Despite winning national championships in 2003 and 2004 under Pete Carroll, and playing for a national title in 2005, USC makes sense as an underachiever for several reasons, Rittenberg argued.
“USC has been susceptible to underachievement — before coach Pete Carroll arrived after the 2000 season, the program went 65-52-1 with only two conference titles from 1991 to 2000,” Rittenberg wrote. “But the period since Carroll’s return to the NFL has been marred by poor leadership, overly insular thinking on key hires and utter dysfunction.”
The Trojans also have made some moves this offseason, including the Big Ten announcement, that at least sets up USC to experience a resurgence, if it can shore up its issues.
“The team made its splashiest coaching hire ever in Lincoln Riley, and finally has a solid athletic director in Mike Bohn. As the Big Ten transition looms, USC’s next step needs to be CFP appearances,” Rittenberg wrote.
The ESPN writer also identified two other Pac-12 schools — Colorado and Arizona — as programs whose best days are behind them at this point and merely making a bowl game is a high watermark.
The Buffaloes won a national championship in 1990, but the past two decades have been a lesson in patience.
“The Buffs have finished in the AP rankings only once since 2002. No one expects Colorado, which has a challenging recruiting location and faced financial difficulties for years, to annually compete for the Pac-12 championship,” Rittenberg wrote. “Regular bowl appearances, on the other hand, are a reasonable expectation.”
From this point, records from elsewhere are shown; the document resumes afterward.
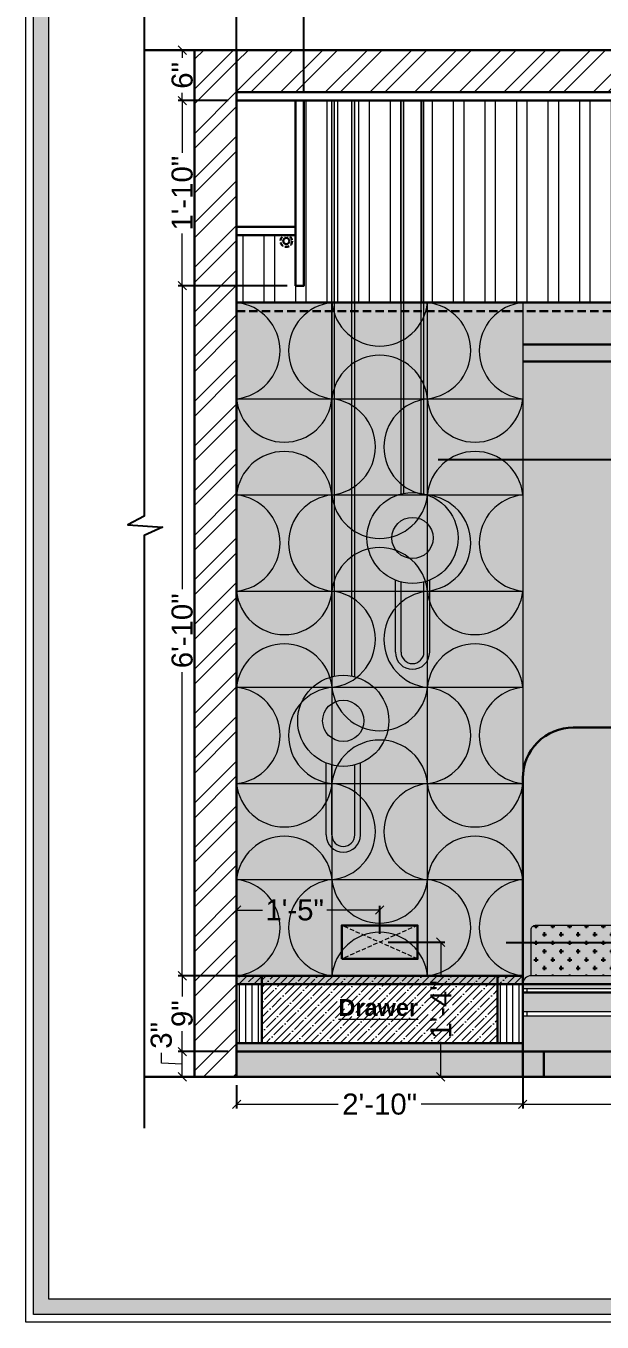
# Model space of a CAD drawing. Header units: millimetres. Extents: x 133760 to 136133, y -184957 to -182282.
# Drawn here: x 134092.3 to 134160.7, y -184706.9 to -184552.9 of the extents above; entities that cross this region are included whole.
import ezdxf
from ezdxf import colors
from ezdxf.entities.mleader import LeaderData, LeaderLine
from ezdxf.math import Vec2, Vec3

# ---------------------------------------------------------------- set-up
doc = ezdxf.new("R2010")
doc.units = ezdxf.units.MM
doc.header["$MEASUREMENT"] = 0
doc.header["$PDMODE"] = 35
for name, pattern in [('00 . GROUND FLOOR$0$DASHED', [0.75, 0.5, -0.25]), ('DASHED', [0.75, 0.5, -0.25]), ('DASHED2', [0.375, 0.25, -0.125]), ('DASHEDX2', [1.5, 1, -0.5])]:
    doc.linetypes.add(name, pattern=pattern)
doc.layers.get('Defpoints').update_dxf_attribs({"color": 220})
doc.layers.add('AR HATCH-7', color=7, linetype='Continuous')
doc.layers.add('Interior', color=250, linetype='Continuous')
for name, color, linetype, lineweight in [('DIM.', 250, 'Continuous', 13), ('Dimension', 10, 'DASHEDX2', 20), ('ELEC-wires', 1, 'DASHED2', 13), ('FURNITURE', 32, 'Continuous', 9), ('FURNITURE-1', 252, 'Continuous', 13), ('GF FALSE CEILING', 6, 'Continuous', 35), ('SECTION ( SLAB PLine )', 104, 'Continuous', 30), ('Text', 7, 'Continuous', 15), ('wall', 7, 'Continuous', 30)]:
    doc.layers.add(name, color=color, linetype=linetype, lineweight=lineweight)
doc.styles.add('Arial', font='arial.ttf')
doc.styles.get("Standard").update_dxf_attribs({"font": 'arial.ttf', "height": 6})
doc.styles.add('style4', font='ARIALN.TTF')
doc.dimstyles.new('ISO-25', dxfattribs={"dimtxt": 2.5, "dimasz": 1, "dimexe": 0.5, "dimexo": 1, "dimtad": 0, "dimdec": 0, "dimlunit": 4, "dimtxsty": 'Arial', "dimblk": 'OBLIQUE', "dimcen": 2.5, "dimclrd": 1, "dimclre": 1, "dimclrt": 5, "dimadec": 0, "dimazin": 0, "dimtfac": 1, "dimtdec": 0, "dimtmove": 0, "dimatfit": 3, "dimfxl": 1, "dimtfillclr": 5, "dimlwd": -1, "dimarcsym": 0})
pattern_1 = [(45, (-55.641, -1442.4936), (-2.65165043, 2.65165043), []), (45, (-53.873, -1442.4936), (-2.65165043, 2.65165043), [])]

# ---------------------------------------------------------------- blocks, each defined once
blk = doc.blocks.new('_Oblique')
at = {"layer": 'wall', "color": 0, "lineweight": -2}
blk.add_line((-0.5, -0.5), (0.5, 0.5), dxfattribs=at)
blk = doc.blocks.new('*D39')
at = {"layer": 'Defpoints', "color": 0, "transparency": 16777216}
for p in [(134151.31, -184674.79), (134117.32, -184677.79), (134151.31, -184681.05)]:
    blk.add_point(p, dxfattribs=at)
at = {"layer": 'FURNITURE', "color": 1, "lineweight": -2, "transparency": 16777216}
for p, q in [((134151.31, -184675.79), (134151.31, -184681.55)), ((134117.32, -184678.79), (134117.32, -184681.55))]:
    blk.add_line(p, q, dxfattribs=at)
at = {"layer": 'FURNITURE', "color": 1, "transparency": 16777216}
for p, q in [((134117.32, -184681.05), (134129.38, -184681.05)), ((134151.31, -184681.05), (134139.26, -184681.05))]:
    blk.add_line(p, q, dxfattribs=at)
at = {"layer": 'FURNITURE', "color": 1, "transparency": 16777216, "rotation": 180}
blk.add_blockref('_Oblique', (134117.32, -184681.05), dxfattribs=at)
at = {"layer": 'FURNITURE', "color": 1, "transparency": 16777216}
blk.add_blockref('_Oblique', (134151.31, -184681.05), dxfattribs=at)
at = {"layer": 'FURNITURE', "color": 5, "lineweight": 0, "transparency": 16777216, "insert": (134134.32, -184681.05), "char_height": 2.5, "attachment_point": 5, "style": 'Arial'}
blk.add_mtext('2\'-10"', dxfattribs=at)
blk = doc.blocks.new('*D40')
at = {"layer": 'Defpoints', "color": 0, "transparency": 16777216}
for p in [(134151.31, -184674.79), (134231.32, -184677.79), (134231.32, -184681.05)]:
    blk.add_point(p, dxfattribs=at)
at = {"layer": 'FURNITURE', "color": 1, "lineweight": -2, "transparency": 16777216}
for p, q in [((134151.31, -184675.79), (134151.31, -184681.55)), ((134231.32, -184678.79), (134231.32, -184681.55))]:
    blk.add_line(p, q, dxfattribs=at)
at = {"layer": 'FURNITURE', "color": 1, "transparency": 16777216}
for p, q in [((134151.31, -184681.05), (134187.36, -184681.05)), ((134231.32, -184681.05), (134195.27, -184681.05))]:
    blk.add_line(p, q, dxfattribs=at)
at = {"layer": 'FURNITURE', "color": 1, "transparency": 16777216, "rotation": 180}
blk.add_blockref('_Oblique', (134151.31, -184681.05), dxfattribs=at)
at = {"layer": 'FURNITURE', "color": 1, "transparency": 16777216}
blk.add_blockref('_Oblique', (134231.32, -184681.05), dxfattribs=at)
at = {"layer": 'FURNITURE', "color": 5, "lineweight": 0, "transparency": 16777216, "insert": (134191.32, -184681.05), "char_height": 2.5, "attachment_point": 5, "style": 'Arial'}
blk.add_mtext('6\'-8"', dxfattribs=at)
blk = doc.blocks.new('*D43')
at = {"layer": 'Defpoints', "color": 0, "transparency": 16777216}
for p in [(134110.86, -184674.79), (134117.32, -184674.79), (134117.32, -184677.79)]:
    blk.add_point(p, dxfattribs=at)
at = {"layer": 'FURNITURE', "color": 1, "transparency": 16777216}
for p, q in [((134108.38, -184676.18), (134108.38, -184674.93)), ((134110.86, -184677.79), (134110.86, -184674.79)), ((134110.86, -184676.29), (134108.38, -184676.18))]:
    blk.add_line(p, q, dxfattribs=at)
at = {"layer": 'FURNITURE', "color": 1, "lineweight": -2, "transparency": 16777216}
for p, q in [((134116.32, -184674.79), (134110.36, -184674.79)), ((134116.32, -184677.79), (134110.36, -184677.79))]:
    blk.add_line(p, q, dxfattribs=at)
at = {"layer": 'FURNITURE', "color": 1, "transparency": 16777216}
for p, rotation in [((134110.86, -184674.79), 90), ((134110.86, -184677.79), 270)]:
    blk.add_blockref('_Oblique', p, dxfattribs=dict(at, rotation=rotation))
at = {"layer": 'FURNITURE', "color": 5, "lineweight": 0, "transparency": 16777216, "insert": (134108.38, -184672.87), "char_height": 2.5, "attachment_point": 5, "rotation": 90, "style": 'Arial'}
blk.add_mtext('3"', dxfattribs=at)
blk = doc.blocks.new('*D44')
at = {"layer": 'Defpoints', "color": 0, "transparency": 16777216}
for p in [(134110.86, -184665.79), (134120.32, -184665.79), (134117.32, -184674.79)]:
    blk.add_point(p, dxfattribs=at)
at = {"layer": 'FURNITURE', "color": 1, "lineweight": -2, "transparency": 16777216}
for p, q in [((134119.32, -184665.79), (134110.36, -184665.79)), ((134116.32, -184674.79), (134110.36, -184674.79))]:
    blk.add_line(p, q, dxfattribs=at)
at = {"layer": 'FURNITURE', "color": 1, "transparency": 16777216}
for p, q in [((134110.86, -184665.79), (134110.86, -184668.23)), ((134110.86, -184674.79), (134110.86, -184672.35))]:
    blk.add_line(p, q, dxfattribs=at)
for p, rotation in [((134110.86, -184665.79), 90), ((134110.86, -184674.79), 270)]:
    blk.add_blockref('_Oblique', p, dxfattribs=dict(at, rotation=rotation))
at = {"layer": 'FURNITURE', "color": 5, "lineweight": 0, "transparency": 16777216, "insert": (134110.86, -184670.29), "char_height": 2.5, "attachment_point": 5, "rotation": 90, "style": 'Arial'}
blk.add_mtext('9"', dxfattribs=at)
blk = doc.blocks.new('*D45')
at = {"layer": 'Defpoints', "color": 0, "transparency": 16777216}
for p in [(134110.86, -184583.79), (134124.32, -184583.79), (134120.32, -184665.79)]:
    blk.add_point(p, dxfattribs=at)
at = {"layer": 'FURNITURE', "color": 1, "lineweight": -2, "transparency": 16777216}
for p, q in [((134123.32, -184583.79), (134110.36, -184583.79)), ((134119.32, -184665.79), (134110.36, -184665.79))]:
    blk.add_line(p, q, dxfattribs=at)
at = {"layer": 'FURNITURE', "color": 1, "transparency": 16777216}
for p, q in [((134110.86, -184583.79), (134110.86, -184619.86)), ((134110.86, -184665.79), (134110.86, -184629.71))]:
    blk.add_line(p, q, dxfattribs=at)
for p, rotation in [((134110.86, -184583.79), 90), ((134110.86, -184665.79), 270)]:
    blk.add_blockref('_Oblique', p, dxfattribs=dict(at, rotation=rotation))
at = {"layer": 'FURNITURE', "color": 5, "lineweight": 0, "transparency": 16777216, "insert": (134110.86, -184624.79), "char_height": 2.5, "attachment_point": 5, "rotation": 90, "style": 'Arial'}
blk.add_mtext('6\'-10"', dxfattribs=at)
blk = doc.blocks.new('*D46')
at = {"layer": 'Defpoints', "color": 0, "transparency": 16777216}
for p in [(134110.86, -184561.79), (134117.32, -184561.79), (134124.32, -184583.79)]:
    blk.add_point(p, dxfattribs=at)
at = {"layer": 'FURNITURE', "color": 1, "lineweight": -2, "transparency": 16777216}
for p, q in [((134116.32, -184561.79), (134110.36, -184561.79)), ((134123.32, -184583.79), (134110.36, -184583.79))]:
    blk.add_line(p, q, dxfattribs=at)
at = {"layer": 'FURNITURE', "color": 1, "transparency": 16777216}
for p, q in [((134110.86, -184561.79), (134110.86, -184567.99)), ((134110.86, -184583.79), (134110.86, -184577.59))]:
    blk.add_line(p, q, dxfattribs=at)
for p, rotation in [((134110.86, -184561.79), 90), ((134110.86, -184583.79), 270)]:
    blk.add_blockref('_Oblique', p, dxfattribs=dict(at, rotation=rotation))
at = {"layer": 'FURNITURE', "color": 5, "lineweight": 0, "transparency": 16777216, "insert": (134110.86, -184572.79), "char_height": 2.5, "attachment_point": 5, "rotation": 90, "style": 'Arial'}
blk.add_mtext('1\'-10"', dxfattribs=at)
blk = doc.blocks.new('*D38')
at = {"layer": 'Defpoints', "color": 0, "transparency": 16777216}
for p in [(134110.86, -184555.79), (134117.32, -184555.79), (134117.32, -184561.79)]:
    blk.add_point(p, dxfattribs=at)
at = {"layer": 'FURNITURE', "color": 1, "lineweight": -2, "transparency": 16777216}
for p, q in [((134116.32, -184555.79), (134110.36, -184555.79)), ((134116.32, -184561.79), (134110.36, -184561.79))]:
    blk.add_line(p, q, dxfattribs=at)
at = {"layer": 'FURNITURE', "color": 1, "transparency": 16777216}
for p, q in [((134110.86, -184555.79), (134110.86, -184556.72)), ((134110.86, -184561.79), (134110.86, -184560.86))]:
    blk.add_line(p, q, dxfattribs=at)
for p, rotation in [((134110.86, -184555.79), 90), ((134110.86, -184561.79), 270)]:
    blk.add_blockref('_Oblique', p, dxfattribs=dict(at, rotation=rotation))
at = {"layer": 'FURNITURE', "color": 5, "lineweight": 0, "transparency": 16777216, "insert": (134110.86, -184558.79), "char_height": 2.5, "attachment_point": 5, "rotation": 90, "style": 'Arial'}
blk.add_mtext('6"', dxfattribs=at)
blk = doc.blocks.new('*D37')
at = {"layer": 'Defpoints', "color": 0, "transparency": 16777216}
for p in [(134125.32, -184547.94), (134117.32, -184561.79), (134125.32, -184561.79)]:
    blk.add_point(p, dxfattribs=at)
at = {"layer": 'FURNITURE', "color": 1, "lineweight": -2, "transparency": 16777216}
for p, q in [((134117.32, -184560.79), (134117.32, -184547.44)), ((134125.32, -184560.79), (134125.32, -184547.44))]:
    blk.add_line(p, q, dxfattribs=at)
at = {"layer": 'FURNITURE', "color": 1, "transparency": 16777216}
for p, q in [((134117.32, -184547.94), (134119.26, -184547.94)), ((134125.32, -184547.94), (134123.38, -184547.94))]:
    blk.add_line(p, q, dxfattribs=at)
at = {"layer": 'FURNITURE', "color": 1, "transparency": 16777216, "rotation": 180}
blk.add_blockref('_Oblique', (134117.32, -184547.94), dxfattribs=at)
at = {"layer": 'FURNITURE', "color": 1, "transparency": 16777216}
blk.add_blockref('_Oblique', (134125.32, -184547.94), dxfattribs=at)
at = {"layer": 'FURNITURE', "color": 5, "lineweight": 0, "transparency": 16777216, "insert": (134121.32, -184547.94), "char_height": 2.5, "attachment_point": 5, "style": 'Arial'}
blk.add_mtext('8"', dxfattribs=at)
blk = doc.blocks.new('RGH')
at = {"color": 242, "linetype": 'DASHED', "true_color": 0xcd2027}
for p, q in [((130318.55, 18194.22), (130309.54, 18198.2)), ((130318.55, 18198.2), (130309.54, 18194.22))]:
    blk.add_line(p, q, dxfattribs=at)
at = {"layer": 'ELEC-wires', "color": 5, "linetype": 'ByBlock', "lineweight": 30, "ltscale": 4}
blk.add_lwpolyline([(130309.54, 18198.2), (130318.55, 18198.2), (130318.55, 18194.22), (130309.54, 18194.22)], close=True, dxfattribs=at)
blk = doc.blocks.new('*D258')
at = {"layer": 'Defpoints', "color": 0, "transparency": 16777216}
for p in [(134117.32, -184657.97), (134117.32, -184661.08), (134134.32, -184661.79)]:
    blk.add_point(p, dxfattribs=at)
at = {"layer": 'FURNITURE', "color": 1, "lineweight": -2, "transparency": 16777216}
for p, q in [((134117.32, -184660.08), (134117.32, -184657.47)), ((134134.32, -184660.79), (134134.32, -184657.47))]:
    blk.add_line(p, q, dxfattribs=at)
at = {"layer": 'FURNITURE', "color": 1, "transparency": 16777216}
for p, q in [((134117.32, -184657.97), (134120.39, -184657.97)), ((134134.32, -184657.97), (134128.05, -184657.97))]:
    blk.add_line(p, q, dxfattribs=at)
at = {"layer": 'FURNITURE', "color": 1, "transparency": 16777216, "rotation": 180}
blk.add_blockref('_Oblique', (134117.32, -184657.97), dxfattribs=at)
at = {"layer": 'FURNITURE', "color": 1, "transparency": 16777216}
blk.add_blockref('_Oblique', (134134.32, -184657.97), dxfattribs=at)
at = {"layer": 'FURNITURE', "color": 5, "transparency": 16777216, "insert": (134124.22, -184657.97), "char_height": 2.5, "attachment_point": 5, "style": 'Arial'}
blk.add_mtext('1\'-5"', dxfattribs=at)
blk = doc.blocks.new('*D259')
at = {"layer": 'Defpoints', "color": 0, "transparency": 16777216}
for p in [(134134.32, -184661.79), (134134.32, -184677.79), (134141.57, -184677.79)]:
    blk.add_point(p, dxfattribs=at)
at = {"layer": 'FURNITURE', "color": 1, "lineweight": -2, "transparency": 16777216}
for p, q in [((134135.32, -184661.79), (134142.07, -184661.79)), ((134135.32, -184677.79), (134142.07, -184677.79))]:
    blk.add_line(p, q, dxfattribs=at)
at = {"layer": 'FURNITURE', "color": 1, "transparency": 16777216}
for p, q in [((134141.57, -184661.79), (134141.57, -184665.96)), ((134141.57, -184677.79), (134141.57, -184673.62))]:
    blk.add_line(p, q, dxfattribs=at)
for p, rotation in [((134141.57, -184661.79), 90), ((134141.57, -184677.79), 270)]:
    blk.add_blockref('_Oblique', p, dxfattribs=dict(at, rotation=rotation))
at = {"layer": 'FURNITURE', "color": 5, "transparency": 16777216, "insert": (134141.57, -184669.79), "char_height": 2.5, "attachment_point": 5, "rotation": 90, "style": 'Arial'}
blk.add_mtext('1\'-4"', dxfattribs=at)

msp = doc.modelspace()

# ---------------------------------------------------------------- hatches: boundary and pattern name
at = {"layer": 'AR HATCH-7', "lineweight": 0, "true_color": 0x939598, "transparency": 33554687}
h = msp.add_hatch(dxfattribs=at)
h.set_pattern_fill('ANSI32', color=252, scale=10)
h.set_pattern_definition(pattern_1)
h.paths.add_polyline_path([(134266.83, -184677.79), (134270.83, -184677.79), (134270.83, -184555.79), (134266.83, -184555.79)])
h.paths.add_polyline_path([(134112.32, -184677.79), (134117.32, -184677.79), (134117.32, -184555.79), (134112.32, -184555.79)])
at = {"layer": 'AR HATCH-7', "lineweight": 5, "true_color": 0x636466}
h = msp.add_hatch(dxfattribs=at)
h.set_pattern_fill('ANSI32', color=251, scale=10, angle=45)
h.set_pattern_definition([(90, (1288.0936, -581.6297), (-3.75, 0), []), (90, (1289.3436, -580.3797), (-3.75, 0), [])])
h.paths.add_polyline_path([(134265.31, -184561.79), (134141.26, -184561.79), (134141.26, -184585.79), (134238.28, -184585.79, -0.414214), (134256.28, -184603.79), (134256.28, -184665.79), (134265.31, -184665.79)])
h.paths.add_polyline_path([(134141.26, -184561.79), (134125.32, -184561.79), (134125.32, -184583.79), (134124.32, -184583.79), (134124.32, -184577.79), (134123.22, -184577.79, -0.414214), (134123.91, -184578.48, -1), (134122.52, -184578.48, -0.414214), (134123.22, -184577.79), (134117.32, -184577.79), (134117.32, -184585.79), (134141.26, -184585.79)])
at = {"layer": 'AR HATCH-7', "true_color": 0x636466}
h = msp.add_hatch(color=251, dxfattribs=at)
h.dxf.hatch_style = 1
h.paths.add_polyline_path([(134131.35, -184561.79), (134131.01, -184561.79), (134131.01, -184630.18, -0.016116), (134131.35, -184630.25)])
h.paths.add_polyline_path([(134128.97, -184561.79), (134128.63, -184561.79), (134128.63, -184630.25, -0.016116), (134128.97, -184630.18)])
h = msp.add_hatch(color=251, dxfattribs=at)
h.dxf.hatch_style = 1
h.paths.add_polyline_path([(134139.58, -184561.79), (134139.24, -184561.79), (134139.24, -184608.45, -0.016116), (134139.58, -184608.53)])
h.paths.add_polyline_path([(134136.86, -184608.53, -0.016116), (134137.2, -184608.45), (134137.2, -184561.79), (134136.86, -184561.79)])
at = {"layer": 'AR HATCH-7'}
h = msp.add_hatch(color=2, dxfattribs=at)
h.dxf.hatch_style = 1
h.paths.add_polyline_path([(134238.28, -184590.79), (134151.31, -184590.79), (134151.31, -184592.79), (134238.28, -184592.79, -0.414214), (134249.28, -184603.79), (134249.28, -184665.79), (134251.28, -184665.79), (134251.28, -184603.79, 0.414214)])
at = {"layer": 'AR HATCH-7', "true_color": 0x000000}
h = msp.add_hatch(color=18, dxfattribs=at)
h.dxf.hatch_style = 1
h.paths.add_polyline_path([(134143.62, -184613.76, 1), (134132.81, -184613.76, 1)])
h.paths.add_polyline_path([(134135.77, -184613.76, -1), (134140.66, -184613.76, -1)], flags=16)
at = {"layer": 'AR HATCH-7', "true_color": 0x636466}
h = msp.add_hatch(color=251, dxfattribs=at)
h.dxf.hatch_style = 1
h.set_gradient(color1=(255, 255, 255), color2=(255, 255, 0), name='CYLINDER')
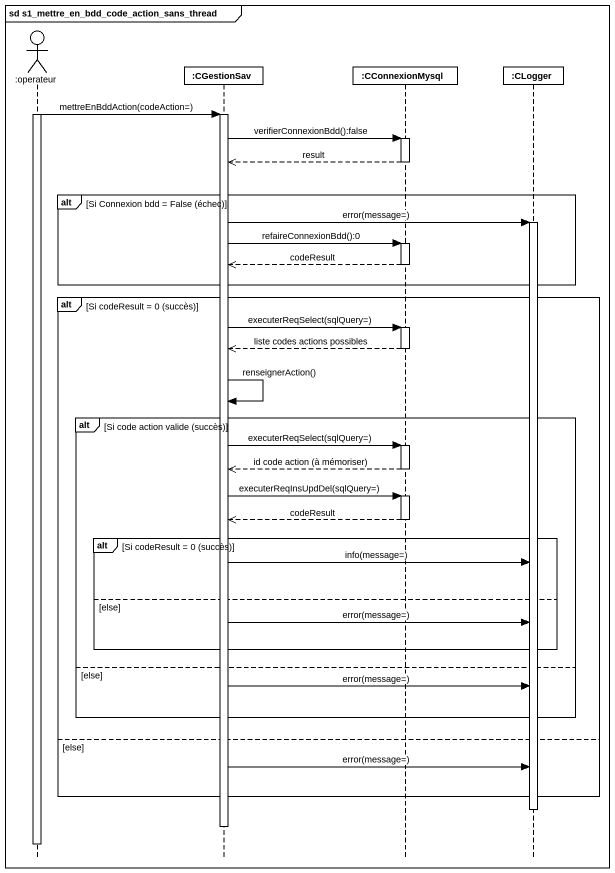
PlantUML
@startuml
mainframe sd s1_mettre_en_bdd_code_action_sans_thread
hide footbox
actor ":operateur" as operateur
participant ":CGestionSav" as CGestionSav
participant ":CConnexionMysql" as CConnexionMysql
participant ":CLogger" as CLogger

activate operateur
operateur -> CGestionSav : mettreEnBddAction(codeAction=)
activate CGestionSav
CGestionSav -> CConnexionMysql : verifierConnexionBdd():false
activate CConnexionMysql
CConnexionMysql -->> CGestionSav : result
deactivate CConnexionMysql
alt Si Connexion bdd = False (échec)
  CGestionSav -> CLogger : error(message=)
  activate CLogger
  CGestionSav -> CConnexionMysql : refaireConnexionBdd():0
  activate CConnexionMysql
  CConnexionMysql -->> CGestionSav : codeResult
  deactivate CConnexionMysql
end
alt Si codeResult = 0 (succès)
  CGestionSav -> CConnexionMysql : executerReqSelect(sqlQuery=)
  activate CConnexionMysql
  CConnexionMysql -->> CGestionSav : liste codes actions possibles
  deactivate CConnexionMysql
  CGestionSav -> CGestionSav : renseignerAction()
  alt Si code action valide (succès)
    CGestionSav -> CConnexionMysql : executerReqSelect(sqlQuery=)
    activate CConnexionMysql
    CConnexionMysql -->> CGestionSav : id code action (à mémoriser)
    deactivate CConnexionMysql
    CGestionSav -> CConnexionMysql : executerReqInsUpdDel(sqlQuery=)
    activate CConnexionMysql
    CConnexionMysql -->> CGestionSav : codeResult
    deactivate CConnexionMysql
    alt Si codeResult = 0 (succès)
      CGestionSav -> CLogger : info(message=)
    else else
      CGestionSav -> CLogger : error(message=)
    end
  else else
    CGestionSav -> CLogger : error(message=)
  end
else else
  CGestionSav -> CLogger : error(message=)
end
deactivate CLogger
deactivate CGestionSav
deactivate operateur
@enduml

The Wildcats, meanwhile, have never won a Pac-12 title since joining the league in 1978 and have finished a year ranked in the Associated Press Top 25 poll just once since ending the 1998 season No. 4.
“Tucson is a mediocre location for recruits, and the program has to extend its reach to other areas. There are reasons Arizona has never reached a Rose Bowl despite joining the conference in 1978,” Rittenberg wrote. “But we’re not talking about Rose Bowls in this tier — any bowl appearance would lift the mood in Tucson.”